--- Data for analysis ---

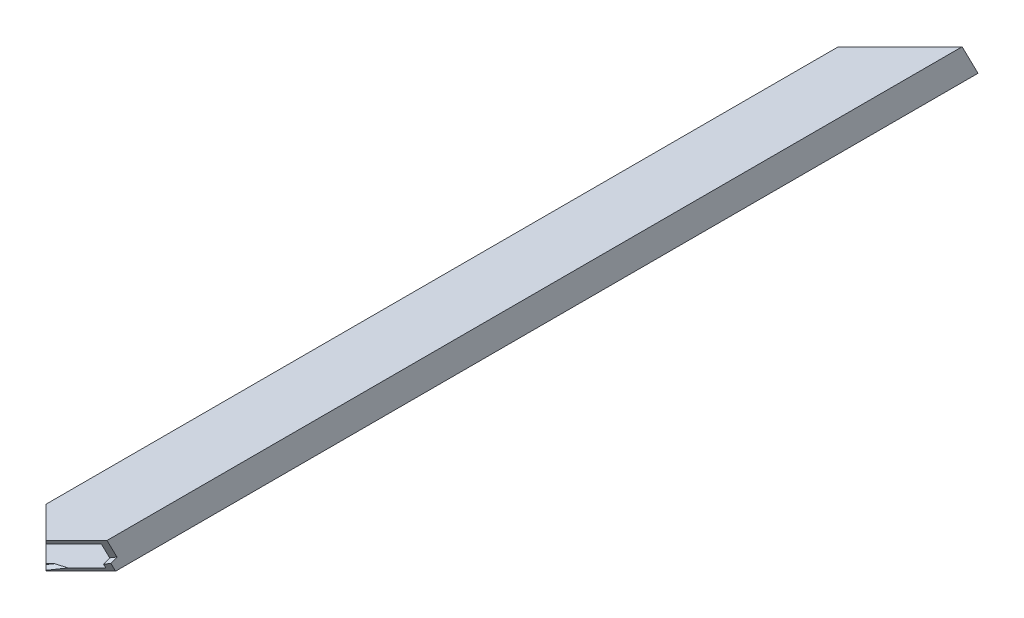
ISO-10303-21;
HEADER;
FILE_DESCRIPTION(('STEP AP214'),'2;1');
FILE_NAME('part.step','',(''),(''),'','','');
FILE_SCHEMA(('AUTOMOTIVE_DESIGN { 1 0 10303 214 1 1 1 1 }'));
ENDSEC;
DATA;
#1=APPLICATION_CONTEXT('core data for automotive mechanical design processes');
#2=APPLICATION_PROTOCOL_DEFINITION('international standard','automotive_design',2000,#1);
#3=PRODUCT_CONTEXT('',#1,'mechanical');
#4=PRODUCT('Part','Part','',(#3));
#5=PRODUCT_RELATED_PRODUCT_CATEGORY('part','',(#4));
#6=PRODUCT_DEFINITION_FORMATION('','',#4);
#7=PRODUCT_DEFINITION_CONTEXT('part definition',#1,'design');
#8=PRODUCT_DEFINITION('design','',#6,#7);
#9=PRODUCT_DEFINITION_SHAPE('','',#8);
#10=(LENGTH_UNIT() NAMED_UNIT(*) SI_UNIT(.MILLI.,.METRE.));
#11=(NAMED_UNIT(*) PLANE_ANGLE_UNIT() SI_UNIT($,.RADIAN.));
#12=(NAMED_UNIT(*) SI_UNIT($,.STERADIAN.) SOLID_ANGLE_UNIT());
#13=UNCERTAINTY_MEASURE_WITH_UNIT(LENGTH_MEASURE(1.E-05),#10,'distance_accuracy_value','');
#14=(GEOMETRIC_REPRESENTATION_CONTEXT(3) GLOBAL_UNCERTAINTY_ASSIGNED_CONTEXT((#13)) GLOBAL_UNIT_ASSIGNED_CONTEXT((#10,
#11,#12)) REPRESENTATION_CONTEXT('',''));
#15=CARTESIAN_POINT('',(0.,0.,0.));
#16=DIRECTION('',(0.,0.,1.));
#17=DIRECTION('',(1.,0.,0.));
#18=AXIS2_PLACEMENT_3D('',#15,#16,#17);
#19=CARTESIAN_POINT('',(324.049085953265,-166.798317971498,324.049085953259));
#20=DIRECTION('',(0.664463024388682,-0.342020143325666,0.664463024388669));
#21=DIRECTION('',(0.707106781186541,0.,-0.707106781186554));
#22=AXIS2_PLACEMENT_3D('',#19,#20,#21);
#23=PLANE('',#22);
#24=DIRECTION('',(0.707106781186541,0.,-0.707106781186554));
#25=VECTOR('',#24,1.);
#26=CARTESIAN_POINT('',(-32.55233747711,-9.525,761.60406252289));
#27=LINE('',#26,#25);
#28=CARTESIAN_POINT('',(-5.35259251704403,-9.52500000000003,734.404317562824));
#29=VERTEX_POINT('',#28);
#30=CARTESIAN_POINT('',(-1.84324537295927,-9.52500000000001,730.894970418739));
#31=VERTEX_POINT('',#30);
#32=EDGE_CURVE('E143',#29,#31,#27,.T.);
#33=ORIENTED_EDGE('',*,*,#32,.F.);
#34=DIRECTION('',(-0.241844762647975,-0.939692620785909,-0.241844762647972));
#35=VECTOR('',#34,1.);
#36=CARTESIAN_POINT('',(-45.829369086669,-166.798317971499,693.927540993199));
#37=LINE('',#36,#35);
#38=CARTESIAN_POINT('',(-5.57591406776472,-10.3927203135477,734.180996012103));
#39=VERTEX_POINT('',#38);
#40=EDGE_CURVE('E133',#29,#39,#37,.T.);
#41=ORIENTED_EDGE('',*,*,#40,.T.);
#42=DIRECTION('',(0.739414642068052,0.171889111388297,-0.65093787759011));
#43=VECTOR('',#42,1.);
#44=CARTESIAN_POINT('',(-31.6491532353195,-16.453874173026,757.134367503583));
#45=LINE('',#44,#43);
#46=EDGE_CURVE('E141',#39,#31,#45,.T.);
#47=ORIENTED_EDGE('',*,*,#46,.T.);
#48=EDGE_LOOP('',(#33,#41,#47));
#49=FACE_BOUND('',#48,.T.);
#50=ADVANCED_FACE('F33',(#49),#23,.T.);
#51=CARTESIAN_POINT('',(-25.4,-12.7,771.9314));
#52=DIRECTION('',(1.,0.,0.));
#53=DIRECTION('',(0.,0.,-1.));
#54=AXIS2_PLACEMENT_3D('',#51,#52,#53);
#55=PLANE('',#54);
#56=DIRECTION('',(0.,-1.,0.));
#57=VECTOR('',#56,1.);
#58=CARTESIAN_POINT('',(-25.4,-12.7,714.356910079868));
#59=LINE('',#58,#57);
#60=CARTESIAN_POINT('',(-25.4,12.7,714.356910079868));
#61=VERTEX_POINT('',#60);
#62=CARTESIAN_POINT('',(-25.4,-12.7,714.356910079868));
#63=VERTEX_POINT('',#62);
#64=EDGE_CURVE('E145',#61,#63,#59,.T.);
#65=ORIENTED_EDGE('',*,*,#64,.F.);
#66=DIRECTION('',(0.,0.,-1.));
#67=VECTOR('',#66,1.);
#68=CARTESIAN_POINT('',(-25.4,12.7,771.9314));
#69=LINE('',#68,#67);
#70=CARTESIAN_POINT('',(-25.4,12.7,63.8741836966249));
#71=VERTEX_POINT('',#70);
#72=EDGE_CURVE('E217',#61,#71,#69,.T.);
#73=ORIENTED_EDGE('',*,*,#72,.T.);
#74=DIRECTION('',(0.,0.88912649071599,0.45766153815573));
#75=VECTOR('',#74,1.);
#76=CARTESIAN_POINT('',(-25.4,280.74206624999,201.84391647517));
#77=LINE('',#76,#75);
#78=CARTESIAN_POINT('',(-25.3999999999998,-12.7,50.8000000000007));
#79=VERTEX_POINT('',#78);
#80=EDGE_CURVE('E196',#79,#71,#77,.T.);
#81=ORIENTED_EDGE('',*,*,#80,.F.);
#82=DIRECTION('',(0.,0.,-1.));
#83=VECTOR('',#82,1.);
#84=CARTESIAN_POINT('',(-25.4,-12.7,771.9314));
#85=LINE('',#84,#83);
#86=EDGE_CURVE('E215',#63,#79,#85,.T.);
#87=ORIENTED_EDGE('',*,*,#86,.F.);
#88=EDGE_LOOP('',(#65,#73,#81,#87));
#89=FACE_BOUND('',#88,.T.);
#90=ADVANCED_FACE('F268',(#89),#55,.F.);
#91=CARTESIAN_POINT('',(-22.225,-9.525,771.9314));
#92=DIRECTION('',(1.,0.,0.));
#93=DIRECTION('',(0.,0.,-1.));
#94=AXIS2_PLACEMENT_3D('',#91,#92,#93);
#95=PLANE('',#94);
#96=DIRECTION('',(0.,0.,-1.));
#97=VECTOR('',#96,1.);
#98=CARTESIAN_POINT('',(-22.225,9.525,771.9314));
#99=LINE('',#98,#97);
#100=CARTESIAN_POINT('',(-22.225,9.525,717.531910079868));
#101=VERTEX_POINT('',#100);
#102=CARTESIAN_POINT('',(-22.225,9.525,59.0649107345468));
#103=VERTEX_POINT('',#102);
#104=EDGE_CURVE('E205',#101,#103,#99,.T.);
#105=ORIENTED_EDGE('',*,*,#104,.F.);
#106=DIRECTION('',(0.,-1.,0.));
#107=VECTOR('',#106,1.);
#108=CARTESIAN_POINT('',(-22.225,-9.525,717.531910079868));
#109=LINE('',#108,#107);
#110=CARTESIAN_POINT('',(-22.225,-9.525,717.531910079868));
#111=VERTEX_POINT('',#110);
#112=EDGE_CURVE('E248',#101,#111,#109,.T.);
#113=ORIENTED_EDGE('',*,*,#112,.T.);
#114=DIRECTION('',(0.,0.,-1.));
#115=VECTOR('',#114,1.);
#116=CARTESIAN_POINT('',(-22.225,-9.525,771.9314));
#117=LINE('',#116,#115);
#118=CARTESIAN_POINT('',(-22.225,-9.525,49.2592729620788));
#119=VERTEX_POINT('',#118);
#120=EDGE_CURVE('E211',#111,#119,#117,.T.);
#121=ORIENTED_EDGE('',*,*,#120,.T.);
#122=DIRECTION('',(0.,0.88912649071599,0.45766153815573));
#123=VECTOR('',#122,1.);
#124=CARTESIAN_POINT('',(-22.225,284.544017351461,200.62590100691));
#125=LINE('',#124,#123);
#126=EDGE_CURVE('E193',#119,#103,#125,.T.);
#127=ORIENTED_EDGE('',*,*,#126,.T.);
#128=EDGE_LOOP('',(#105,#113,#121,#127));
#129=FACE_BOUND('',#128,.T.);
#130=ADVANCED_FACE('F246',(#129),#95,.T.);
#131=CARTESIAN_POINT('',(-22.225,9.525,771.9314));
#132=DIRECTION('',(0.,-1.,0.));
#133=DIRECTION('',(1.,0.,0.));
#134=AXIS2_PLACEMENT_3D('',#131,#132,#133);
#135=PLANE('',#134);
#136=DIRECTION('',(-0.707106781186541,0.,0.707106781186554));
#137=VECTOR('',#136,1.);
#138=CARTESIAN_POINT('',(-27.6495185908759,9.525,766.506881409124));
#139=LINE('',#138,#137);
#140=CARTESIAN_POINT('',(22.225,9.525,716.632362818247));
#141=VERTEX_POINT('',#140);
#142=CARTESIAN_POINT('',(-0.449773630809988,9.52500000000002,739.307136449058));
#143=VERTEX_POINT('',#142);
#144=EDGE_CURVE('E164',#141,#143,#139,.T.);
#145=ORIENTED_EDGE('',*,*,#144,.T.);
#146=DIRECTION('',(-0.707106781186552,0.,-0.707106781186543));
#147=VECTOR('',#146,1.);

---

**About this task:**
Look at the listing and set down only the lines from its start through the line with "#1=APPLICATION_CONTEXT('core data for", word for word and without pictures.

**Answer to the problem:**
ISO-10303-21;
HEADER;
FILE_DESCRIPTION(('STEP AP214'),'2;1');
FILE_NAME('part.step','',(''),(''),'','','');
FILE_SCHEMA(('AUTOMOTIVE_DESIGN { 1 0 10303 214 1 1 1 1 }'));
ENDSEC;
DATA;
#1=APPLICATION_CONTEXT('core data for automotive mechanical design processes');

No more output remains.